Un Comité d’accompagnement a aussi été créé, qui sera chargé de conseiller et informer le Gouvernement sur le programme de dépistage néonatal de la surdité, d’évaluer sa mise en œuvre, d’analyser le rapport d’activité transmis par la coordination du programme, d’adapter le protocole si nécessaire et d’assurer le suivi du programme.
Outils supplémentaires
Un manuel de formation a également été conçu. Plusieurs séances de formation ont déjà été et seront encore organisées afin de permettre aux médecins et aux personnes qui effectueront le test de se familiariser avec les différentes étapes du programme.

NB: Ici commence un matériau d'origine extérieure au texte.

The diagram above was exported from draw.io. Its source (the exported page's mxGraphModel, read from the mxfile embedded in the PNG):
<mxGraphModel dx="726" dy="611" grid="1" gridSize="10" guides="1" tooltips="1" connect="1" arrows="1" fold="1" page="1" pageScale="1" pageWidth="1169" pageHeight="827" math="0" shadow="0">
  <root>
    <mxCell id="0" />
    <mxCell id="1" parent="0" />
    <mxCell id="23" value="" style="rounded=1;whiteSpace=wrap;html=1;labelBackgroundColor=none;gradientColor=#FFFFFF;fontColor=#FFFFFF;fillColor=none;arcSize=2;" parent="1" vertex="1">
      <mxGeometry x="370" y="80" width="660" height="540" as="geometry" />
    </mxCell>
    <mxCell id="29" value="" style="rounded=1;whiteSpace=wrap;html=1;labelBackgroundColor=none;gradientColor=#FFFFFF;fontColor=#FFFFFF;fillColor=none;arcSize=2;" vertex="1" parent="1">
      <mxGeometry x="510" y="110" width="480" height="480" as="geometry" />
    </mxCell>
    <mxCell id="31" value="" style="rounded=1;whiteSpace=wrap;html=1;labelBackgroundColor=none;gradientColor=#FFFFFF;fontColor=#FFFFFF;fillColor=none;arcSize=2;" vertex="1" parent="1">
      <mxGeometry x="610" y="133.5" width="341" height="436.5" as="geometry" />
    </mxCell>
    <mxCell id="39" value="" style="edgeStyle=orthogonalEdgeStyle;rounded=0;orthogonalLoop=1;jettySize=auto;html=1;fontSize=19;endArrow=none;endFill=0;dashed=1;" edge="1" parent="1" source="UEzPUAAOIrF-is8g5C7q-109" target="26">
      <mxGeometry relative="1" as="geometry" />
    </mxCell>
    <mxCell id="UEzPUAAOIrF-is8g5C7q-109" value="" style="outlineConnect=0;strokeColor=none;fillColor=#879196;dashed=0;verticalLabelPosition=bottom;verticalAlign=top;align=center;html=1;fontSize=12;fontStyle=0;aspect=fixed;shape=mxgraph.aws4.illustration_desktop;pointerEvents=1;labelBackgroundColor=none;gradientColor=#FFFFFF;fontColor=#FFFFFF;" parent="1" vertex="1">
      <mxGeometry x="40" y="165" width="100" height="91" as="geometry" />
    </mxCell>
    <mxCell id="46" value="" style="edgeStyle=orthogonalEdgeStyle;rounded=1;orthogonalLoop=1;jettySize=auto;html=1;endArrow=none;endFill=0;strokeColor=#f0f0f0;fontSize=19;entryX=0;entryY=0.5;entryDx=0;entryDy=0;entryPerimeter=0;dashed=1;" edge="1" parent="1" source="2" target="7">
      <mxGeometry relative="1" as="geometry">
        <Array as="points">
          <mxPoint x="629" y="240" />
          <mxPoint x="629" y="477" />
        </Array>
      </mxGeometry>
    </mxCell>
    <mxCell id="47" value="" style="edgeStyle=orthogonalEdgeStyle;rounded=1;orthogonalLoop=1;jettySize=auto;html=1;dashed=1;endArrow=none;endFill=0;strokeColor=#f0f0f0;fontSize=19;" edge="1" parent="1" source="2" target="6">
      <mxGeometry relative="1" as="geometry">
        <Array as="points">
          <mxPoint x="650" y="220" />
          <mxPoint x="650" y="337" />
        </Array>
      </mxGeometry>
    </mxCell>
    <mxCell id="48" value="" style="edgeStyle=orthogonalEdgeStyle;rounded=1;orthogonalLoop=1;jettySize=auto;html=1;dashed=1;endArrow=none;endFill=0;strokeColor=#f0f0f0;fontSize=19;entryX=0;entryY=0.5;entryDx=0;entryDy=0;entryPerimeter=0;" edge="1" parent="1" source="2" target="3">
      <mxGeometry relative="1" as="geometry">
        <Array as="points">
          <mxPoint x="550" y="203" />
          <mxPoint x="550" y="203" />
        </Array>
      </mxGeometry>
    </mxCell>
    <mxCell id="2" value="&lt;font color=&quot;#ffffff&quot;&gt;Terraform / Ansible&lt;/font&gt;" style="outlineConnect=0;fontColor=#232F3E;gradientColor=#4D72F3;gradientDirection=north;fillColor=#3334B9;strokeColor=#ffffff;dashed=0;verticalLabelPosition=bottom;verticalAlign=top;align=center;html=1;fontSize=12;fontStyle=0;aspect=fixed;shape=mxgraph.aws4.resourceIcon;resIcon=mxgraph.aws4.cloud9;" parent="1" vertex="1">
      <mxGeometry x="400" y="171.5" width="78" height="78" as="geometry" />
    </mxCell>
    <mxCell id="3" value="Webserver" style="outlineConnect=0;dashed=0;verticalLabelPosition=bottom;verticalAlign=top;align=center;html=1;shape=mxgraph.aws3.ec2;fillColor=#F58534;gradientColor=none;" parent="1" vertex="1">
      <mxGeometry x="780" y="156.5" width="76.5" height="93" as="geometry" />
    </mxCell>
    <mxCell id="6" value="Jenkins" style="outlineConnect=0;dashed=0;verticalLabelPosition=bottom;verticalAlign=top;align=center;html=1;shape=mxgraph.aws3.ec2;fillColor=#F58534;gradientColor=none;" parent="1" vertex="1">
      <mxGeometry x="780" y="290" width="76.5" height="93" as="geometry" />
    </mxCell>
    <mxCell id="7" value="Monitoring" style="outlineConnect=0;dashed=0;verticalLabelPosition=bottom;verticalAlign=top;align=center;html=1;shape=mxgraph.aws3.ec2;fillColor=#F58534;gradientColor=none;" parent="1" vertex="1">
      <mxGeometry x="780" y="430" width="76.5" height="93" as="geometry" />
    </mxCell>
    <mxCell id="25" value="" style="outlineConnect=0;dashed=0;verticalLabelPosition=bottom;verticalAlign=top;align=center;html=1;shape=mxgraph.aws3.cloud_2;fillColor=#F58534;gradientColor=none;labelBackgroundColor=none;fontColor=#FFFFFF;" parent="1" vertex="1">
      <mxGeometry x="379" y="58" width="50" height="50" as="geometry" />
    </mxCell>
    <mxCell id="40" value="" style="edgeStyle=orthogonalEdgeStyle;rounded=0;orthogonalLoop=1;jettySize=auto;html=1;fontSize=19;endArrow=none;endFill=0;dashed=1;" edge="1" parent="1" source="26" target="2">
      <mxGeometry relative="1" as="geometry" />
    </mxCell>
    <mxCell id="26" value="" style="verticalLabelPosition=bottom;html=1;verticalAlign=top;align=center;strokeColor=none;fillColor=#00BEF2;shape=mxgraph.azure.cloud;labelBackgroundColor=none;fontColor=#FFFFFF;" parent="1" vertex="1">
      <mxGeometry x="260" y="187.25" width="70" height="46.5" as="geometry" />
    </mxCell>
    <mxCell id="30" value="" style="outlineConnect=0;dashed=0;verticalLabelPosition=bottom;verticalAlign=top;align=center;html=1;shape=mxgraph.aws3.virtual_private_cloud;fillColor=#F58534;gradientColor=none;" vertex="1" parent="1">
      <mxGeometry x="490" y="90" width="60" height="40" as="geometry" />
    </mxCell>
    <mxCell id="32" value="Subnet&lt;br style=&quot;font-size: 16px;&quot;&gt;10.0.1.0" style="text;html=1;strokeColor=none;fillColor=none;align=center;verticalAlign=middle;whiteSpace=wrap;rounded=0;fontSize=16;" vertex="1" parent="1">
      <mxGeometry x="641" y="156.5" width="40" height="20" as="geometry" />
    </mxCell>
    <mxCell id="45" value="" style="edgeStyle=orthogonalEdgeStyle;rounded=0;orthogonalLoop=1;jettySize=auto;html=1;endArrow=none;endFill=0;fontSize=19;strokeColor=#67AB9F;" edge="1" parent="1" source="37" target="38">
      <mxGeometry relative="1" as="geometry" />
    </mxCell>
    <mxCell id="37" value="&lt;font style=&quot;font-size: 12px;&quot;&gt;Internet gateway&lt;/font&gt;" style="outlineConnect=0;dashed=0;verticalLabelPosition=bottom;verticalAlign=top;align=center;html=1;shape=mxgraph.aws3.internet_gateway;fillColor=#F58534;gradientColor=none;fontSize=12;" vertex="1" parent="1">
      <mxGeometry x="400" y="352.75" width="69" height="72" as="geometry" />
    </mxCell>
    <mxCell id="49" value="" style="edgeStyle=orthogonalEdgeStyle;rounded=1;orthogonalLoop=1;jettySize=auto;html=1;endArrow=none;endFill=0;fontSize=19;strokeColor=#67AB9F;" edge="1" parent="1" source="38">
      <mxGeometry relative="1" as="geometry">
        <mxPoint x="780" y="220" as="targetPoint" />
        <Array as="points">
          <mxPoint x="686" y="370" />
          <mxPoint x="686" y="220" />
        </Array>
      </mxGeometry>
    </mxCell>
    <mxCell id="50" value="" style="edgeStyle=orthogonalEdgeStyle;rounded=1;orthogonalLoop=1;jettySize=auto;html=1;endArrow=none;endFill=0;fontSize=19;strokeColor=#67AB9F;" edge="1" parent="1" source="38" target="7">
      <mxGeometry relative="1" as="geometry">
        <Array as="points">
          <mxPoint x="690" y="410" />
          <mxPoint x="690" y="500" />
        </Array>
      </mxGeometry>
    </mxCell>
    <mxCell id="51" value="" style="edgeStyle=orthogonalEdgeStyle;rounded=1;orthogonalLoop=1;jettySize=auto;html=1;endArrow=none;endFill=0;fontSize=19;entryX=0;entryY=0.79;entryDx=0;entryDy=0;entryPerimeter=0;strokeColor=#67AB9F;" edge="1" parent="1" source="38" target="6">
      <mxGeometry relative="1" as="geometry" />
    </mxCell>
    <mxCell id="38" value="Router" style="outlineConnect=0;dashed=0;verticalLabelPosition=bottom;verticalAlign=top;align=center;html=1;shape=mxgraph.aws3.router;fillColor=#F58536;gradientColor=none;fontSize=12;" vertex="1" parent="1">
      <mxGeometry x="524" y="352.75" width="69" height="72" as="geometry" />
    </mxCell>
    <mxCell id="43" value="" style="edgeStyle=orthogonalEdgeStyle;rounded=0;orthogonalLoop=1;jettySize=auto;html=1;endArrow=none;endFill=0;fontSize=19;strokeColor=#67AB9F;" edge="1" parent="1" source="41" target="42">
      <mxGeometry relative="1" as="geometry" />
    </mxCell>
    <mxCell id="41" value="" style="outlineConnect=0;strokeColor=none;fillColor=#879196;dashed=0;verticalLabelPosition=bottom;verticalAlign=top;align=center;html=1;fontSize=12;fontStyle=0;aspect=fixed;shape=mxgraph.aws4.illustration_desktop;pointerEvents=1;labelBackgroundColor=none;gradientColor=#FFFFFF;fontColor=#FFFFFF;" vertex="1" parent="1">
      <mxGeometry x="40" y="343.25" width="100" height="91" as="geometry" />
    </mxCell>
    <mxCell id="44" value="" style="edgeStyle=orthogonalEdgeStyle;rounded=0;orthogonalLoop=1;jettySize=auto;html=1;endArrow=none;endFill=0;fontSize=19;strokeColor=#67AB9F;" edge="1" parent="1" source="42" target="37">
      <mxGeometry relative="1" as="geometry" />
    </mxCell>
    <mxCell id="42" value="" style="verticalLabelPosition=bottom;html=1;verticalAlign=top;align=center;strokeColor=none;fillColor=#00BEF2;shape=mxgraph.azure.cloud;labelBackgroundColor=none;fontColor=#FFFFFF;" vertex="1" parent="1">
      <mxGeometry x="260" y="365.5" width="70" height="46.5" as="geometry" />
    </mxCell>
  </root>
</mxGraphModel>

Afin de renforcer l’information sur ce programme, trois supports ont été créés: un dépliant, une affiche et un site Internet ( http://www.depistagesurdite.be ). Par ailleurs, une campagne télévisée et radiophonique sera lancée dès le mois de mars 2007.
Investissement de la Communauté française
Des moyens financiers sont été dégagés pour assurer le pilotage du programme (60.000 €), la récolte de données (1 € par enfant testé), ainsi que pour l’octroi d’une intervention financière par enfant testé (5 € par enfant testé). Les maternités ne pourront demander aux parents une somme supérieure à 10 € pour effectuer ce test (1). Cela permettra à chacun d’effectuer ce test pour une somme abordable, ce qui n’est pas toujours le cas à l’heure actuelle.
Dépistage précoce, intervention précoce
Il est évident que, pour l’intérêt des familles, une véritable collaboration doit s’instaurer entre les maternités et les centres auxquels elles adressent les enfants dépistés. Un aspect particulièrement important est de garantir à tout enfant référé par la maternité un accès rapide au centre de réadaptation dans des délais stricts.
Il est important de rappeler que les deux premières années de la vie de l’enfant sont essentielles pour l’apprentissage de la langue. Les conséquences de la surdité sur l’accès au langage, l’épanouissement personnel, les apprentissages scolaires et l’insertion sociale et professionnelle sont très lourdes. Seule une prise en charge très précoce et adaptée peut permettre à l’enfant sourd d’accéder à un bon usage du langage oral et écrit, voire un apprentissage de la langue des signes, pour lui offrir un développement cognitif optimal.
D’après un communiqué de la Ministre Catherine Fonck
(1) Notons à ce propos que les Mutualités chrétiennes prennent ces frais automatiquement en charge dans le cadre de leur assurance Hospi Solidaire.